*What is needed*: The entries that follow include a run beginning at the line with "#128=LINE('',#127,#126);" and ending at the line with "#139=ORIENTED_EDGE('',*,*,#60,.F.);"; restate that run word for word and leave the rest out.

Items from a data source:
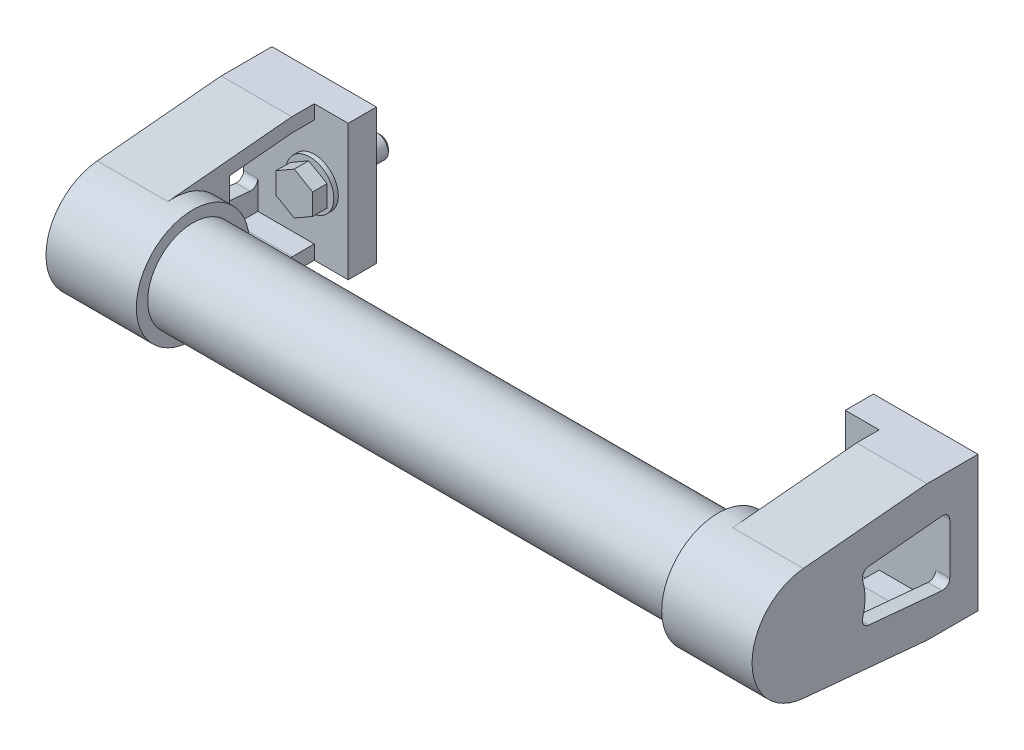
ISO-10303-21;
HEADER;
FILE_DESCRIPTION(('STEP AP214'),'2;1');
FILE_NAME('part.step','',(''),(''),'','','');
FILE_SCHEMA(('AUTOMOTIVE_DESIGN { 1 0 10303 214 1 1 1 1 }'));
ENDSEC;
DATA;
#1=APPLICATION_CONTEXT('core data for automotive mechanical design processes');
#2=APPLICATION_PROTOCOL_DEFINITION('international standard','automotive_design',2000,#1);
#3=PRODUCT_CONTEXT('',#1,'mechanical');
#4=PRODUCT('Part','Part','',(#3));
#5=PRODUCT_RELATED_PRODUCT_CATEGORY('part','',(#4));
#6=PRODUCT_DEFINITION_FORMATION('','',#4);
#7=PRODUCT_DEFINITION_CONTEXT('part definition',#1,'design');
#8=PRODUCT_DEFINITION('design','',#6,#7);
#9=PRODUCT_DEFINITION_SHAPE('','',#8);
#10=(LENGTH_UNIT() NAMED_UNIT(*) SI_UNIT(.MILLI.,.METRE.));
#11=(NAMED_UNIT(*) PLANE_ANGLE_UNIT() SI_UNIT($,.RADIAN.));
#12=(NAMED_UNIT(*) SI_UNIT($,.STERADIAN.) SOLID_ANGLE_UNIT());
#13=UNCERTAINTY_MEASURE_WITH_UNIT(LENGTH_MEASURE(1.E-05),#10,'distance_accuracy_value','');
#14=(GEOMETRIC_REPRESENTATION_CONTEXT(3) GLOBAL_UNCERTAINTY_ASSIGNED_CONTEXT((#13)) GLOBAL_UNIT_ASSIGNED_CONTEXT((#10,
#11,#12)) REPRESENTATION_CONTEXT('',''));
#15=CARTESIAN_POINT('',(0.,0.,0.));
#16=DIRECTION('',(0.,0.,1.));
#17=DIRECTION('',(1.,0.,0.));
#18=AXIS2_PLACEMENT_3D('',#15,#16,#17);
#19=CARTESIAN_POINT('',(193.,2.62246821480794E-12,60.));
#20=DIRECTION('',(-1.,0.,0.));
#21=DIRECTION('',(0.,0.,1.));
#22=AXIS2_PLACEMENT_3D('',#19,#20,#21);
#23=CYLINDRICAL_SURFACE('',#22,16.);
#24=CARTESIAN_POINT('',(193.,2.62246821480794E-12,60.));
#25=DIRECTION('',(1.,0.,0.));
#26=DIRECTION('',(0.,0.,-1.));
#27=AXIS2_PLACEMENT_3D('',#24,#25,#26);
#28=CIRCLE('',#27,16.);
#29=CARTESIAN_POINT('',(193.,2.62246821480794E-12,44.));
#30=VERTEX_POINT('',#29);
#31=EDGE_CURVE('E9',#30,#30,#28,.T.);
#32=ORIENTED_EDGE('',*,*,#31,.F.);
#33=EDGE_LOOP('',(#32));
#34=FACE_BOUND('',#33,.T.);
#35=CARTESIAN_POINT('',(7.,2.62246821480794E-12,60.));
#36=DIRECTION('',(1.,0.,0.));
#37=DIRECTION('',(0.,0.,-1.));
#38=AXIS2_PLACEMENT_3D('',#35,#36,#37);
#39=CIRCLE('',#38,16.);
#40=CARTESIAN_POINT('',(7.,2.62246821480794E-12,44.));
#41=VERTEX_POINT('',#40);
#42=EDGE_CURVE('E24',#41,#41,#39,.T.);
#43=ORIENTED_EDGE('',*,*,#42,.T.);
#44=EDGE_LOOP('',(#43));
#45=FACE_BOUND('',#44,.T.);
#46=ADVANCED_FACE('F14',(#34,#45),#23,.T.);
#47=CARTESIAN_POINT('',(0.,7.21644966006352E-13,17.1));
#48=DIRECTION('',(0.,0.,1.));
#49=DIRECTION('',(0.,-1.,0.));
#50=AXIS2_PLACEMENT_3D('',#47,#48,#49);
#51=PLANE('',#50);
#52=DIRECTION('',(-0.866025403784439,0.5,0.));
#53=VECTOR('',#52,1.);
#54=CARTESIAN_POINT('',(6.5,3.75277674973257,17.1));
#55=LINE('',#54,#53);
#56=CARTESIAN_POINT('',(6.5,3.75277674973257,17.1));
#57=VERTEX_POINT('',#56);
#58=CARTESIAN_POINT('',(0.,7.50555349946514,17.1));
#59=VERTEX_POINT('',#58);
#60=EDGE_CURVE('E534',#57,#59,#55,.T.);
#61=ORIENTED_EDGE('',*,*,#60,.T.);
#62=DIRECTION('',(-0.866025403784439,-0.5,0.));
#63=VECTOR('',#62,1.);
#64=CARTESIAN_POINT('',(0.,7.50555349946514,17.1));
#65=LINE('',#64,#63);
#66=CARTESIAN_POINT('',(-6.5,3.75277674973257,17.1));
#67=VERTEX_POINT('',#66);
#68=EDGE_CURVE('E538',#59,#67,#65,.T.);
#69=ORIENTED_EDGE('',*,*,#68,.T.);
#70=DIRECTION('',(0.,-1.,0.));
#71=VECTOR('',#70,1.);
#72=CARTESIAN_POINT('',(-6.5,3.75277674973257,17.1));
#73=LINE('',#72,#71);
#74=CARTESIAN_POINT('',(-6.5,-3.75277674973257,17.1));
#75=VERTEX_POINT('',#74);
#76=EDGE_CURVE('E545',#67,#75,#73,.T.);
#77=ORIENTED_EDGE('',*,*,#76,.T.);
#78=DIRECTION('',(0.866025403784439,-0.5,0.));
#79=VECTOR('',#78,1.);
#80=CARTESIAN_POINT('',(-6.5,-3.75277674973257,17.1));
#81=LINE('',#80,#79);
#82=CARTESIAN_POINT('',(0.,-7.50555349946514,17.1));
#83=VERTEX_POINT('',#82);
#84=EDGE_CURVE('E553',#75,#83,#81,.T.);
#85=ORIENTED_EDGE('',*,*,#84,.T.);
#86=DIRECTION('',(0.866025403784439,0.5,0.));
#87=VECTOR('',#86,1.);
#88=CARTESIAN_POINT('',(0.,-7.50555349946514,17.1));
#89=LINE('',#88,#87);
#90=CARTESIAN_POINT('',(6.5,-3.75277674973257,17.1));
#91=VERTEX_POINT('',#90);
#92=EDGE_CURVE('E556',#83,#91,#89,.T.);
#93=ORIENTED_EDGE('',*,*,#92,.T.);
#94=DIRECTION('',(0.,1.,0.));
#95=VECTOR('',#94,1.);
#96=CARTESIAN_POINT('',(6.5,-3.75277674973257,17.1));
#97=LINE('',#96,#95);
#98=EDGE_CURVE('E559',#91,#57,#97,.T.);
#99=ORIENTED_EDGE('',*,*,#98,.T.);
#100=EDGE_LOOP('',(#61,#69,#77,#85,#93,#99));
#101=FACE_BOUND('',#100,.T.);
#102=ADVANCED_FACE('F1110',(#101),#51,.T.);
#103=CARTESIAN_POINT('',(6.5,-3.75277674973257,12.));
#104=DIRECTION('',(1.,0.,0.));
#105=DIRECTION('',(0.,0.,-1.));
#106=AXIS2_PLACEMENT_3D('',#103,#104,#105);
#107=PLANE('',#106);
#108=DIRECTION('',(0.,1.,0.));
#109=VECTOR('',#108,1.);
#110=CARTESIAN_POINT('',(6.5,-3.75277674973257,12.));
#111=LINE('',#110,#109);
#112=CARTESIAN_POINT('',(6.5,-3.75277674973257,12.));
#113=VERTEX_POINT('',#112);
#114=CARTESIAN_POINT('',(6.5,3.75277674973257,12.));
#115=VERTEX_POINT('',#114);
#116=EDGE_CURVE('E548',#113,#115,#111,.T.);
#117=ORIENTED_EDGE('',*,*,#116,.T.);
#118=DIRECTION('',(0.,0.,1.));
#119=VECTOR('',#118,1.);
#120=CARTESIAN_POINT('',(6.5,3.75277674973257,12.));
#121=LINE('',#120,#119);
#122=EDGE_CURVE('E562',#115,#57,#121,.T.);
#123=ORIENTED_EDGE('',*,*,#122,.T.);
#124=ORIENTED_EDGE('',*,*,#98,.F.);
#125=DIRECTION('',(0.,0.,1.));
#126=VECTOR('',#125,1.);
#127=CARTESIAN_POINT('',(6.5,-3.75277674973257,12.));
#128=LINE('',#127,#126);
#129=EDGE_CURVE('E566',#113,#91,#128,.T.);
#130=ORIENTED_EDGE('',*,*,#129,.F.);
#131=EDGE_LOOP('',(#117,#123,#124,#130));
#132=FACE_BOUND('',#131,.T.);
#133=ADVANCED_FACE('F1118',(#132),#107,.T.);
#134=CARTESIAN_POINT('',(6.5,3.75277674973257,12.));
#135=DIRECTION('',(0.5,0.866025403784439,0.));
#136=DIRECTION('',(-0.866025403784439,0.5,0.));
#137=AXIS2_PLACEMENT_3D('',#134,#135,#136);
#138=PLANE('',#137);
#139=ORIENTED_EDGE('',*,*,#60,.F.);
#140=ORIENTED_EDGE('',*,*,#122,.F.);
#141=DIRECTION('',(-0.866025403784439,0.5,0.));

*Answer section*:
#128=LINE('',#127,#126);
#129=EDGE_CURVE('E566',#113,#91,#128,.T.);
#130=ORIENTED_EDGE('',*,*,#129,.F.);
#131=EDGE_LOOP('',(#117,#123,#124,#130));
#132=FACE_BOUND('',#131,.T.);
#133=ADVANCED_FACE('F1118',(#132),#107,.T.);
#134=CARTESIAN_POINT('',(6.5,3.75277674973257,12.));
#135=DIRECTION('',(0.5,0.866025403784439,0.));
#136=DIRECTION('',(-0.866025403784439,0.5,0.));
#137=AXIS2_PLACEMENT_3D('',#134,#135,#136);
#138=PLANE('',#137);
#139=ORIENTED_EDGE('',*,*,#60,.F.);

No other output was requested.